I want to get the axel-to axel measure right when replacing the new string set as well as setting the timing.

Thanks.


----------



## NockOn (Feb 24, 2003)

If its already in specs before you start, do one at a time and you should be fine.

Cheers,


----------



## thunderbolt (Oct 11, 2002)

wellis1840 said:


> Thanks to all with their string recommendations for a compound. Now that I have a string set ordered, I have a couple of string installation questions.
> 
> 1) What does shortening or lengthening (by twisting) the string control or change on the bow?
> More twists - shorter draw length, lowers draw weight. Less twists does the opposite.
> ...


This should help.


----------



## wellis1840 (May 29, 2005)

*Adjusting ATA*

Which cable to you change to length of to adjust the axle-to-axle?


----------



## Pete731 (Aug 9, 2002)

wellis1840 said:


> Which cable to you change to length of to adjust the axle-to-axle?


The yoke cable for one cam and hybrid cams system.

Both cables for binary cams and 2 cams.


----------



## Xslayer (Feb 10, 2003)

I have made strings for 20 years and the best results always come from twisted strings, twisted means the entire string acts as one, with less load and tension imbalance between fibers.
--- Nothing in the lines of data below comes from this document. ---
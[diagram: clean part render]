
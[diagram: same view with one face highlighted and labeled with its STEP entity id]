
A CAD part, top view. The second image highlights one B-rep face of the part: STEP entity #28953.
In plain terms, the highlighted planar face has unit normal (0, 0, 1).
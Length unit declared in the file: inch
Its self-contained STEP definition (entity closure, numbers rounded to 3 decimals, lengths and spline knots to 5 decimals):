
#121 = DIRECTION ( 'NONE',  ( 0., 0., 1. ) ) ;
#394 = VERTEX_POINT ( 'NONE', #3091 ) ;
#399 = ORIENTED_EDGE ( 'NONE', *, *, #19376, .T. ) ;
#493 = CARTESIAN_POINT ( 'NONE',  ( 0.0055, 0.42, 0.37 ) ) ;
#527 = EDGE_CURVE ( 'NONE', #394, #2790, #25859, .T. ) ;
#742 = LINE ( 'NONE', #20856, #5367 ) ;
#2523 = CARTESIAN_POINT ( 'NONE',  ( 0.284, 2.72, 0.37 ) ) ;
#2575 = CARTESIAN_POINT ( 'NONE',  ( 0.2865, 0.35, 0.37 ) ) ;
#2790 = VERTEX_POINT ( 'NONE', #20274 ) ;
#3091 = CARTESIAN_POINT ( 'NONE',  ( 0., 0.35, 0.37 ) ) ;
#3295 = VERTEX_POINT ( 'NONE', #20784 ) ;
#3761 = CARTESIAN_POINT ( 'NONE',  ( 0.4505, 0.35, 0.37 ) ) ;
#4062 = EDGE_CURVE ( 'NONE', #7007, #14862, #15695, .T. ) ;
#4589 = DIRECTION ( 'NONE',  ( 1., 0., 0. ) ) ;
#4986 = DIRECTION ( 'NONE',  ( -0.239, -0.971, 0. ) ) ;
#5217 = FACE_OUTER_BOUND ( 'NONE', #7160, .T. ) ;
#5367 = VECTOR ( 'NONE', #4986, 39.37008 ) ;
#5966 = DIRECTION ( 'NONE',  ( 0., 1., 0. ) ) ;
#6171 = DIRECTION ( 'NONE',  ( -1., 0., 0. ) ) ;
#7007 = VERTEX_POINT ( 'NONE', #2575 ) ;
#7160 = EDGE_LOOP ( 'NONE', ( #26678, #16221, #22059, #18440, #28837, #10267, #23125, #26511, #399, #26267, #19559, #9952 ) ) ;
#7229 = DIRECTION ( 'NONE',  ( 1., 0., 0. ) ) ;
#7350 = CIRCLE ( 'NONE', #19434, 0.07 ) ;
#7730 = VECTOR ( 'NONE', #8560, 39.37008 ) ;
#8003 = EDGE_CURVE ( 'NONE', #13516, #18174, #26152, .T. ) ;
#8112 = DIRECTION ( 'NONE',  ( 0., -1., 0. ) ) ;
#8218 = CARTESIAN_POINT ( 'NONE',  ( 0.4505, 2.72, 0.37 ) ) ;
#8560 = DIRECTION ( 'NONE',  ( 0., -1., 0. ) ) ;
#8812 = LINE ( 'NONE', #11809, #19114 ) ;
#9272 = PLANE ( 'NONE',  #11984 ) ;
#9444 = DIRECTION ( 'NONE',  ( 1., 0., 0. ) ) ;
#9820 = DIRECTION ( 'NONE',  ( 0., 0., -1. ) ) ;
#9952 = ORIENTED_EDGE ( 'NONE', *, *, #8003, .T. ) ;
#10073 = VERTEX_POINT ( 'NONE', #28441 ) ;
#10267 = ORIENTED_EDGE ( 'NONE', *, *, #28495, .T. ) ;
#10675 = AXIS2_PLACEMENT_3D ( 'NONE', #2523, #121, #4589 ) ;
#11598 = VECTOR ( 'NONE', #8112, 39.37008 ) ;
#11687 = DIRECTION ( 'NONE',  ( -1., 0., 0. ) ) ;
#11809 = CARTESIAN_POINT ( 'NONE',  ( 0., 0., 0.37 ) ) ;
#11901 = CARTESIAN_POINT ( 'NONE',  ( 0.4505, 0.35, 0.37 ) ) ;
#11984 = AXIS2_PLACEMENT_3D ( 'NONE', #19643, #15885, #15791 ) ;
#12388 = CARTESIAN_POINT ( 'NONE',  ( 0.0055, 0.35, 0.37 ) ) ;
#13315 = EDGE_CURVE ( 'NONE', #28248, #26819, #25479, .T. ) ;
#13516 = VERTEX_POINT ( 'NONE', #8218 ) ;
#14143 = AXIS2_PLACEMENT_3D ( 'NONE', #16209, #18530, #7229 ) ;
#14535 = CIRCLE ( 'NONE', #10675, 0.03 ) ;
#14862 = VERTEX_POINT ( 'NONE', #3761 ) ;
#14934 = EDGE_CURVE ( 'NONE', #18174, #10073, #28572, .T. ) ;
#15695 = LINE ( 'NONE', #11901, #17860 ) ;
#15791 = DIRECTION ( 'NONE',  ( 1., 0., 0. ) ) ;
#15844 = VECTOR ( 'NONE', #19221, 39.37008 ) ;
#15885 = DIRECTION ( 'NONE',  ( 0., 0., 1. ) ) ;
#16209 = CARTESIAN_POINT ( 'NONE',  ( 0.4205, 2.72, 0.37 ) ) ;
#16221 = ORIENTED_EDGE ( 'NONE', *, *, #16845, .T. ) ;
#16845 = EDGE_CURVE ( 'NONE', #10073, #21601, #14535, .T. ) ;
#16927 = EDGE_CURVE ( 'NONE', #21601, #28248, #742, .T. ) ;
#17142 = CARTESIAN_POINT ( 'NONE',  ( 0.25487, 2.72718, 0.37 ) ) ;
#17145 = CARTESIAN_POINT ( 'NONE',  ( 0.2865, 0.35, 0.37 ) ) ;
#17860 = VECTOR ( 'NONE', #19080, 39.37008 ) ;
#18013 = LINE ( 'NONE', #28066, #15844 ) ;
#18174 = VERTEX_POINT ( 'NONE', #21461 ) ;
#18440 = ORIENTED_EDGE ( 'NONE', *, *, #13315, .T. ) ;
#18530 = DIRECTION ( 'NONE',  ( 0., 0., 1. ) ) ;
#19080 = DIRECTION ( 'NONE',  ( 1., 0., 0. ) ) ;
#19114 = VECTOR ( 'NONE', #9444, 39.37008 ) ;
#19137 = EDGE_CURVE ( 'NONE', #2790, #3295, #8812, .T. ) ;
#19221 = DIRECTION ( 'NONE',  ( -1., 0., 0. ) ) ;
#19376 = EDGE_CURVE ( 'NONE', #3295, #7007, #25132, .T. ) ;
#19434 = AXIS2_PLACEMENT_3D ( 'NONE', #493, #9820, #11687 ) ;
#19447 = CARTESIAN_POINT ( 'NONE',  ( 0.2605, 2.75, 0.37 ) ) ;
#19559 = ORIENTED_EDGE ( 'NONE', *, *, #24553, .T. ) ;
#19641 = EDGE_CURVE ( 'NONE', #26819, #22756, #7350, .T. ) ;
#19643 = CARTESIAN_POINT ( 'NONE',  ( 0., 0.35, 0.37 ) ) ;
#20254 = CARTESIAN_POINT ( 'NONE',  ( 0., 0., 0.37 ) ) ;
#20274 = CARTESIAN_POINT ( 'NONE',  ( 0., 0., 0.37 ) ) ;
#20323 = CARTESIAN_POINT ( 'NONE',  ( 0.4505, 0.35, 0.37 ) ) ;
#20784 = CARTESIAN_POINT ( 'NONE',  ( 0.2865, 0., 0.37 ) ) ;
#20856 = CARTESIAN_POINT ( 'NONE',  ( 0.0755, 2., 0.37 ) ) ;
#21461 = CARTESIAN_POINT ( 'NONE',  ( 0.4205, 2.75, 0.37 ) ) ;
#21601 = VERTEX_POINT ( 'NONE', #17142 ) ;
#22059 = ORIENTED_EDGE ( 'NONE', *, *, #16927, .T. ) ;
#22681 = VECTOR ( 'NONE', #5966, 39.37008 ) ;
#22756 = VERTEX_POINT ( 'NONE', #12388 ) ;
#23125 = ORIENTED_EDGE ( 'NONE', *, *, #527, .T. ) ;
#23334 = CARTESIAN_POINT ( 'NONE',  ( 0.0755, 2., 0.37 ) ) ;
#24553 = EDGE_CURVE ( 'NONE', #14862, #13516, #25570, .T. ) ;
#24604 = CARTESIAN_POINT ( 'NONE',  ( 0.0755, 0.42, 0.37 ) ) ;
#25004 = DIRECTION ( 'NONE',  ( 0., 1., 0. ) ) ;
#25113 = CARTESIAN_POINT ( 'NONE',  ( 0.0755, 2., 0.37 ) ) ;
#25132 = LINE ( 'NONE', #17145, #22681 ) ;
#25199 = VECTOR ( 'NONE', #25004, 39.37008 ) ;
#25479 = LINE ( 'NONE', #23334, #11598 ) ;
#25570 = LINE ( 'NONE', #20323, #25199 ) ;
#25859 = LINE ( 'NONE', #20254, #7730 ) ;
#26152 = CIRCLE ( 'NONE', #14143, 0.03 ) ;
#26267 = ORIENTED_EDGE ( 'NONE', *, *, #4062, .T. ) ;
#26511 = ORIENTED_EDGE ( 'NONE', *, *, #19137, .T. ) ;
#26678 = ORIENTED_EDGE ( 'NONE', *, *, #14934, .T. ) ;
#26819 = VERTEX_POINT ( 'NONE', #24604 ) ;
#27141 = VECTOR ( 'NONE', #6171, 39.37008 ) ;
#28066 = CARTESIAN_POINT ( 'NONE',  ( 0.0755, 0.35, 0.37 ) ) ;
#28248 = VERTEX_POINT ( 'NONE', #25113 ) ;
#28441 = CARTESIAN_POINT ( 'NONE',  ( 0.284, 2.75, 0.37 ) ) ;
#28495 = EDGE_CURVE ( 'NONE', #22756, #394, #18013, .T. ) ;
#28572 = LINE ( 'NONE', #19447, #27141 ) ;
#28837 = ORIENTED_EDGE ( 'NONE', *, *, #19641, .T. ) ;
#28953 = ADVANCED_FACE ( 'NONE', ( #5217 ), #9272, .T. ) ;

It also means more reliable peep position, less stretch and creeping, which means your wheels or cam will stay put. The string will wear less and reisit moisture aswell.

Also, never use anything to wax your string like leather or material, this will heat up the string and cause pre mature wear or worse a string or cable letting go when you least expect it.


----------



## cheaplaughs (Mar 27, 2005)

*tuning*

lawler outdoors has all the answers


----------



## pintojk (Jan 31, 2003)

cheaplaughs said:


> lawler outdoors has all the answers


who's this cheaplaughs ??? are they in the GTA ???


----------



## cheaplaughs (Mar 27, 2005)

*lawler outdoors*

if you google them you can see.they are american


----------



## pintojk (Jan 31, 2003)

cheaplaughs said:


> if you google them you can see.they are american


thanks :thumb:


----------